Chris J LeBlanc Photography - Lighthouses
Providing details and historical information of  lighthouse pictures taken during my travels
Fowey Rocks Lighthouse
Key Biscayne, Florida
© 2011 - Chris J LeBlanc  Photographer
Location:   Located 6.5 miles southeast of the southern end of Key Biscayne.
Latitude:  N 25.59062
Longitude:  W 80.09673

Year Constructed:  1878. Active
Tower Height:  110 feet    Focal Plane:  110 feet

Octagonal pyramidal wrought iron screwpile tower with octagonal 2-story Empire style keeper's house on a central platform, solar-powered VRB-25 aerobeacon. Tower and lantern painted brown; central cylinder and keeper's house white.
Historical Information:

  • Station Established: 1878
  • Year Current Tower(s) First Lit: 1878
  • Operational? YES
  • Automated? YES 1974
  • Foundation Materials: SCREW PILE W/PLATFORM
  • Construction Materials: CAST IRON
  • Tower Shape: SKELETAL
  • Markings/Pattern: BROWN/WHITE
  • Original Lens: FIRST ORDER DRUM, FRESNEL 1878 BUILT BY LEPAUTE
  • 1876 – Lantern and lens for lighthouse put on display at the Philadelphia Centennial Exposition.
  • 1877 – The lighthouse was built to mark Fowey Rocks, so named because a Spanish galleon, H.M.S. Fowey had been lost in that area in 1748. It was thought that the Cape Florida lighthouse was not adequate enough warning for the rocks; so the screwpile light was built to replace Cape Florida. The first keepers were John and Simeon Frow; they were transferred from the decommissioned Cape Florida lighthouse.
  • 1935 – A hurricane washed away the first deck of the lighthouse.
  • 1975 – Windmill installed to use wind power to generate electricity.
  • 1982 – Lighthouse converted to solar energy and the Fresnel lens was replaced by flash tube array lamps. (Original lens is on display at the Coast Guard Aids to Navigation School in Yorktown, VA).
  • 1983 – Flash tube array lamps replaced by 300 mm lantern which did not send the light out far enough, so it was replaced by a 190 mm rotating lantern.

Notable Shipwrecks:
  • 1877 – Arakanapka and Carondelet ran aground while lighthouse was under construction.
  • 1905 – Schooner Alicia
  • 1914 – Yacht Alice B. Philips
  • 1915 – Yacht May Belle

The Cape Florida Lighthouse was built at the southern end of Key Biscayne in 1825 to mark the northern end of the Florida reefs. After the construction of offshore lighthouses had been successfully demonstrated at several locations along the Florida Keys, the Lighthouse Board decided to replace the Cape Florida Lighthouse with one positioned directly on the reefs it was to mark.
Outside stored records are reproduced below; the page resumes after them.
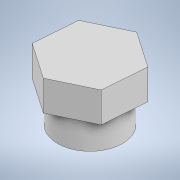
# Autodesk Inventor part: pieza1
Saved by Autodesk Inventor 2021 (Build 250183000, 183)
## iProperties
Created: 2023-05-09
Part Number: pieza1
Material: Generic
Document SubType Name: Modeling
Designer: assman
Density: 1 g/cm^3
Appearance: Default
Author: assman
Autodesk Inventor part; units mm, degrees
ref_plane "YZ Plane" through (0, 0, 0) normal (1, 0, 0) x (0, 1, 0)
ref_plane "XZ Plane" through (0, 0, 0) normal (0, 1, 0) x (-1, 0, 0)
ref_plane "XY Plane" through (0, 0, 0) normal (0, 0, 1) x (1, 0, 0)
sketch "Sketch1" plane through (0, 0, 0) normal (0, 1, 0) x (-1, 0, 0)
  circle A0 centre (0, 0) radius 10.7576
  constraints: 1 centre point, 1 coincident
extrude "Extrusion1" add sketch "Sketch1" along normal blind 10
sketch "Sketch2" plane through (0, 10, 0) normal (0, 1, 0) x (1, 0, 0)
  circle A0 centre (0, 0) radius 10.7576 projected
  circle A1 centre (0, 0) radius 2.9303
  constraints: 1 centre point, 1 coincident
extrude "Extrusion2" cut sketch "Sketch2" against normal blind 10 contours A1
sketch "Sketch3" plane through (0, 10, 0) normal (0, 1, 0) x (1, 0, 0)
  line L0 (11.8466, -8.1445) -> (-1.1301, -14.3317)
  line L1 (-1.1301, -14.3317) -> (-12.9767, -6.1872)
  line L2 (-12.9767, -6.1872) -> (-11.8466, 8.1445)
  line L3 (-11.8466, 8.1445) -> (1.1301, 14.3317)
  line L4 (1.1301, 14.3317) -> (12.9767, 6.1872)
  line L5 (12.9767, 6.1872) -> (11.8466, -8.1445)
  point P0 (0, 0)
  point P1 (0, 0)
  constraints: 12 end point, 1 coincident, 13 other
extrude "Extrusion3" add sketch "Sketch3" along normal blind 10
body "Solid1"
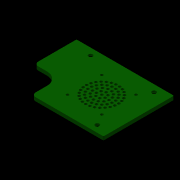
# Autodesk Inventor part: hw_DAA - PCB Lemo
Saved by Autodesk Inventor 2018 (Build 220112000, 112)
## iProperties
Created: 2024-03-13
Part Number: hw_DAA - PCB Lemo
Material: PCB
Document SubType Name: Modeling
Designer: cda1
Density: 4 g/cm^3
Appearance: PCB
Author: cda1
Autodesk Inventor part; units mm, degrees
ref_plane "YZ Plane" through (0, 0, 0) normal (1, 0, 0) x (0, 1, 0)
ref_plane "XZ Plane" through (0, 0, 0) normal (0, 1, 0) x (-1, 0, 0)
ref_plane "XY Plane" through (0, 0, 0) normal (0, 0, 1) x (1, 0, 0)
sketch "Boceto1" plane through (0, 0, 0) normal (0, 0, 1) x (1, 0, 0)
  line L0 (-26, 17) -> (26, 17)
  line L1 (26, 17) -> (26, -17)
  line L2 (26, -17) -> (-26, -17)
  line L3 (-26, -17) -> (-26, 17)
  line L4 (-26, 17) -> (26, -17) construction
  line L5 (26, 17) -> (-26, -17) construction
  point P0 (0, 0)
  dimension "d0" = 52
  dimension "d1" = 34
  constraints: 12 end point, 2 midpoint, 2 parallel, 1 horizontal, 1 perpendicular
  measures "d0" distance of L1.end L2.end
  measures "d1" distance of L0.end L1.end
extrude "Extrusión1" add sketch "Boceto1" against normal blind 1.742
fillet "Empalme1" radius 0.5 4 edges at (26, 17, -0.871) (-26, 17, -0.871) (-26, -17, -0.871) (26, -17, -0.871)
sketch "Boceto2" plane through (0, 0, -1.742) normal (0, 0, -1) x (-1, 0, 0)
  circle A0 centre (19.65, -11) radius 4
  point P0 (0, 0)
  dimension "d5" = 8
  constraints: 1 centre point, 1 coincident
  measures "d5" diameter of A0
extrude "Extrusión2" cut sketch "Boceto2" against normal through all
sketch "Boceto3" plane through (0, 0, 0) normal (0, 0, 1) x (1, 0, 0)
  line L0 (26, -16.5) -> (26, 16.5) projected
  line L1 (26, 17) -> (22.748, 17)
  line L2 (22.748, 17) -> (22.748, -17)
  line L3 (22.748, -17) -> (26, -17)
  line L4 (26, -17) -> (26, 17)
  line L5 (25.5, -17) -> (-25.5, -17) projected
  point P0 (0, 0)
  point P1 (25.5, 17)
  dimension "d8" = 3.252
  constraints: 8 end point, 3 point on line, 2 parallel, 1 horizontal, 1 perpendicular
  measures "d8" distance of L3.end L2.end
extrude "Extrusión3" cut sketch "Boceto3" against normal through all
sketch "Boceto4" plane through (0, 0, -1.742) normal (0, 0, -1) x (-1, 0, 0)
  circle A0 centre (18, -9.5) radius 4 construction
  arc A1 (18, -3.5) -> (12, -9.5) centre (18, -9.5) ccw
  line L0 (12, -9.5) -> (12, -17)
  line L1 (18, -3.5) -> (26, -3.5)
  line L2 (26, -16.5) -> (26, 16.5) projected
  arc A2 (25.5, -17) -> (26, -16.5) centre (25.5, -16.5) ccw projected
  line L3 (-25.5, -17) -> (25.5, -17) projected
  line L4 (25.5, -17) -> (12, -17)
  line L5 (26, -16.5) -> (26, -3.5)
  point P0 (0, 0)
  dimension "d13" = 12
  dimension "d63" = 8
  dimension "d64" = 7.5
  constraints: 8 end point, 2 centre point, 2 point on circle, 2 tangent, 1 coincident, 1 collinear, 1 horizontal, 1 perpendicular, 1 point on line, 1 vertical
  measures "d13" diameter of A1
  measures "d63" distance from line of L2 A0.centre
  measures "d64" distance from line of L3 A0.centre
extrude "Extrusión4" cut sketch "Boceto4" against normal through all
fillet "Empalme2" radius 2 2 edges at (-12, -17, -0.871) (-26, -3.5, -0.871)
sketch "Boceto13" plane through (0, 0, -1.742) normal (0, 0, -1) x (-1, 0, 0)
  line L0 (-22.748, 17) -> (-22.748, -17) projected
  line L1 (-22.748, -17) -> (10, -17) projected
  line L2 (25.5, 17) -> (-22.748, 17) projected
  point P0 (0, 0)
  point P1 (-16.448, 13.678)
  point P2 (-16.448, -13.678)
  point P3 (14.152, 13.678)
  dimension "d52" = 6.3
  dimension "d53" = 3.322
  dimension "d54" = 3.322
  dimension "d62" = 30.6
  constraints: 1 horizontal alignment, 1 vertical alignment
  measures "d52" distance from line of L0 point (-16.448, -13.678)
  measures "d53" distance from line of L1 point (-16.448, -13.678)
  measures "d54" distance from line of L2 point (-16.448, 13.678)
  measures "d62" distance of point (-16.448, 13.678) point (14.152, 13.678)
hole "Agujero4" at (16.448, 13.678, -1.742) at (16.448, -13.678, -1.742) at (-14.152, 13.678, -1.742) direction (0, 0, 1) diameter 2 end through all countersink diameter 4 countersink angle 90
fillet "Empalme4" radius 0.5 2 edges at (22.748, 17, -0.871) (22.748, -17, -0.871)
sketch "Boceto15" plane through (0, 0, -1.742) normal (0, 0, -1) x (-1, 0, 0)
  line L0 (25.994, -1.5) -> (25.994, 16.5)
  line L1 (26, -1.5) -> (26, 16.5) projected
  arc A0 (23.994, -3.5) -> (25.994, -1.5) centre (23.994, -1.5) ccw
  line L2 (18, -3.5) -> (24, -3.5) projected
  arc A1 (24, -3.5) -> (26, -1.5) centre (24, -1.5) ccw projected
  arc A2 (25.994, 16.5) -> (25.494, 17) centre (25.494, 16.5) ccw
  line L3 (25.5, 17) -> (-22.248, 17) projected
  arc A3 (26, 16.5) -> (25.5, 17) centre (25.5, 16.5) ccw projected
  line L4 (23.994, -3.5) -> (24, -3.5)
  arc A4 (23.997, -3.5) -> (26, -1.5) centre (24, -1.5) ccw
  arc A5 (25.994, 16.4228) -> (25.497, 17) centre (25.5, 16.5) ccw
  line L5 (26, 16.5) -> (26, -1.5)
  line L6 (25.497, 17) -> (25.5, 17)
  point P0 (0, 0)
  dimension "d68" = 0.006
  dimension "d69" = 4
  dimension "d70" = 1
  dimension "d71" = 4
  dimension "d72" = 1
  constraints: 12 point on circle, 8 end point, 8 tangent, 5 point on line, 4 centre point, 2 collinear, 1 vertical
  measures "d68" distance between parallel lines of L0 L1
  measures "d69" diameter of A0
  measures "d70" diameter of A2
  measures "d71" diameter of A4
  measures "d72" diameter of A5
extrude "Extrusión8" cut sketch "Boceto15" against normal up to surface (1.742 mm away)
sketch "Boceto16" plane through (0, 0, -1.742) normal (0, 0, -1) x (-1, 0, 0)
  arc A0 (22.252, -3.5) -> (24.252, -1.5) centre (22.252, -1.5) ccw
  arc A1 (24.252, 16.5) -> (23.752, 17) centre (23.752, 16.5) ccw
  line L0 (24.252, -1.5) -> (24.252, 16.5)
  line L1 (18, -3.5) -> (23.997, -3.5) projected
  line L2 (25.497, 17) -> (-22.248, 17) projected
  arc A2 (25.994, 16.5) -> (25.497, 17) centre (25.494, 16.5) ccw projected
  arc A3 (24, -3.5) -> (25.994, -1.5) centre (23.994, -1.5) ccw projected
  line L3 (23.994, -3.5) -> (22.252, -3.5)
  line L4 (23.752, 17) -> (25.497, 17)
  arc A4 (23.994, -3.5) -> (25.994, -1.5) centre (23.994, -1.5) ccw
  arc A5 (25.994, 16.5) -> (25.494, 17) centre (25.494, 16.5) ccw
  line L5 (25.994, -1.5) -> (25.994, 16.5)
  point P0 (0, 0)
  dimension "d75" = 4
  dimension "d76" = 1
  dimension "d78" = 1.742
  constraints: 10 point on circle, 8 end point, 6 tangent, 4 centre point, 4 point on line, 2 coincident, 2 vertical, 1 collinear, 1 concentric
  measures "d75" diameter of A0
  measures "d76" diameter of A1
  measures "d78" distance between parallel lines of L5 L0
extrude "Extrusión9" cut sketch "Boceto16" against normal up to surface (1.742 mm away)
sketch "Boceto17" plane through (0, 0, -1.742) normal (0, 0, -1) x (-1, 0, 0)
  point P0 (0, 0)
  point P1 (-13.203, 8.255)
  point P2 (3.307, 8.255)
  point P3 (-4.948, 0)
  point P4 (-13.203, -8.255)
  point P5 (3.307, -8.255)
  point P6 (-12.58, -1.346)
  point P7 (-12.685, 0.451)
  point P8 (-12.372, 2.223)
  point P9 (-11.66, 3.875)
  point P10 (-10.585, 5.318)
  point P11 (-9.207, 6.475)
  point P12 (-7.599, 7.283)
  point P13 (-5.848, 7.698)
  point P14 (-4.048, 7.698)
  point P15 (-2.297, 7.283)
  point P16 (-0.689, 6.475)
  point P17 (0.689, 5.318)
  point P18 (1.764, 3.875)
  point P19 (2.476, 2.223)
  point P20 (2.789, 0.451)
  point P21 (2.684, -1.346)
  point P22 (2.168, -3.07)
  point P23 (1.268, -4.628)
  point P24 (0.034, -5.937)
  point P25 (-1.47, -6.926)
  point P26 (-3.161, -7.541)
  point P27 (-4.948, -7.75)
  point P28 (-6.735, -7.541)
  point P29 (-8.426, -6.926)
  point P30 (-9.93, -5.937)
  point P31 (-11.164, -4.628)
  point P32 (-12.064, -3.07)
  point P33 (-9.102, 4.154)
  point P34 (-7.615, 5.235)
  point P35 (-5.867, 5.803)
  point P36 (-4.029, 5.803)
  point P37 (-2.281, 5.235)
  point P38 (-0.794, 4.154)
  point P39 (0.287, 2.667)
  point P40 (0.855, 0.919)
  point P41 (0.855, -0.919)
  point P42 (0.287, -2.667)
  point P43 (-0.794, -4.154)
  point P44 (-2.281, -5.235)
  point P45 (-4.029, -5.803)
  point P46 (-5.867, -5.803)
  point P47 (-7.615, -5.235)
  point P48 (-9.102, -4.154)
  point P49 (-10.183, -2.667)
  point P50 (-10.751, -0.919)
  point P51 (-10.751, 0.919)
  point P52 (-10.183, 2.667)
  point P53 (-8.688, 1.418)
  point P54 (-7.6, 2.994)
  point P55 (-5.905, 3.884)
  point P56 (-3.991, 3.884)
  point P57 (-2.296, 2.994)
  point P58 (-1.208, 1.418)
  point P59 (-0.977, -0.482)
  point P60 (-1.656, -2.272)
  point P61 (-3.089, -3.542)
  point P62 (-4.948, -4)
  point P63 (-6.807, -3.542)
  point P64 (-8.24, -2.272)
  point P65 (-8.919, -0.482)
  point P66 (-6.609, 1.325)
  point P67 (-4.948, 2.125)
  point P68 (-3.287, 1.325)
  point P69 (-2.876, -0.473)
  point P70 (-4.026, -1.915)
  point P71 (-5.87, -1.915)
  point P72 (-7.02, -0.473)
hole "Agujero5" at (13.203, 8.255, -1.742) at (-3.307, 8.255, -1.742) at (4.948, 0, -1.742) at (13.203, -8.255, -1.742) at (-3.307, -8.255, -1.742) at (12.58, -1.346, -1.742) at (12.685, 0.451, -1.742) at (12.372, 2.223, -1.742) at (11.66, 3.875, -1.742) at (10.585, 5.318, -1.742) at (9.207, 6.475, -1.742) at (7.599, 7.283, -1.742) at (5.848, 7.698, -1.742) at (4.048, 7.698, -1.742) at (2.297, 7.283, -1.742) at (0.689, 6.475, -1.742) at (-0.689, 5.318, -1.742) at (-1.764, 3.875, -1.742) at (-2.476, 2.223, -1.742) at (-2.789, 0.451, -1.742) at (-2.684, -1.346, -1.742) at (-2.168, -3.07, -1.742) at (-1.268, -4.628, -1.742) at (-0.034, -5.937, -1.742) at (1.47, -6.926, -1.742) at (3.161, -7.541, -1.742) at (4.948, -7.75, -1.742) at (6.735, -7.541, -1.742) at (8.426, -6.926, -1.742) at (9.93, -5.937, -1.742) at (11.164, -4.628, -1.742) at (12.064, -3.07, -1.742) at (9.102, 4.154, -1.742) at (7.615, 5.235, -1.742) at (5.867, 5.803, -1.742) at (4.029, 5.803, -1.742) at (2.281, 5.235, -1.742) at (0.794, 4.154, -1.742) at (-0.287, 2.667, -1.742) at (-0.855, 0.919, -1.742) at (-0.855, -0.919, -1.742) at (-0.287, -2.667, -1.742) at (0.794, -4.154, -1.742) at (2.281, -5.235, -1.742) at (4.029, -5.803, -1.742) at (5.867, -5.803, -1.742) at (7.615, -5.235, -1.742) at (9.102, -4.154, -1.742) at (10.183, -2.667, -1.742) at (10.751, -0.919, -1.742) direction (0, 0, 1) diameter 1.3 end through all and at (10.751, 0.919, -1.742) (10.183, 2.667, -1.742) (8.688, 1.418, -1.742) (7.6, 2.994, -1.742) (5.905, 3.884, -1.742) (3.991, 3.884, -1.742) (2.296, 2.994, -1.742) (1.208, 1.418, -1.742) (0.977, -0.482, -1.742) (1.656, -2.272, -1.742) (3.089, -3.542, -1.742) (4.948, -4, -1.742) (6.807, -3.542, -1.742) (8.24, -2.272, -1.742) (8.919, -0.482, -1.742) (6.609, 1.325, -1.742) (4.948, 2.125, -1.742) (3.287, 1.325, -1.742) (2.876, -0.473, -1.742) (4.026, -1.915, -1.742) (5.87, -1.915, -1.742) (7.02, -0.473, -1.742)

The two-story keeper’s dwelling, built inside the tower’s octagonal exoskeleton, was completed on April 30, 1878. The upper story had a Mansard roof, matching the pitch of the supporting piles. Inside the dwelling’s iron shell, wooden walls divided the space into eight commodious rooms. From the dwelling, a spiral staircase, wrapped in an iron skin, snaked upwards to the service room. Additional stairs led from the service room to the watch room, and finally up to the lantern room where the first-order Fresnel lens, manufactured in Paris by the company of Henry Lepaute in 1876, was installed on May 25, 1878.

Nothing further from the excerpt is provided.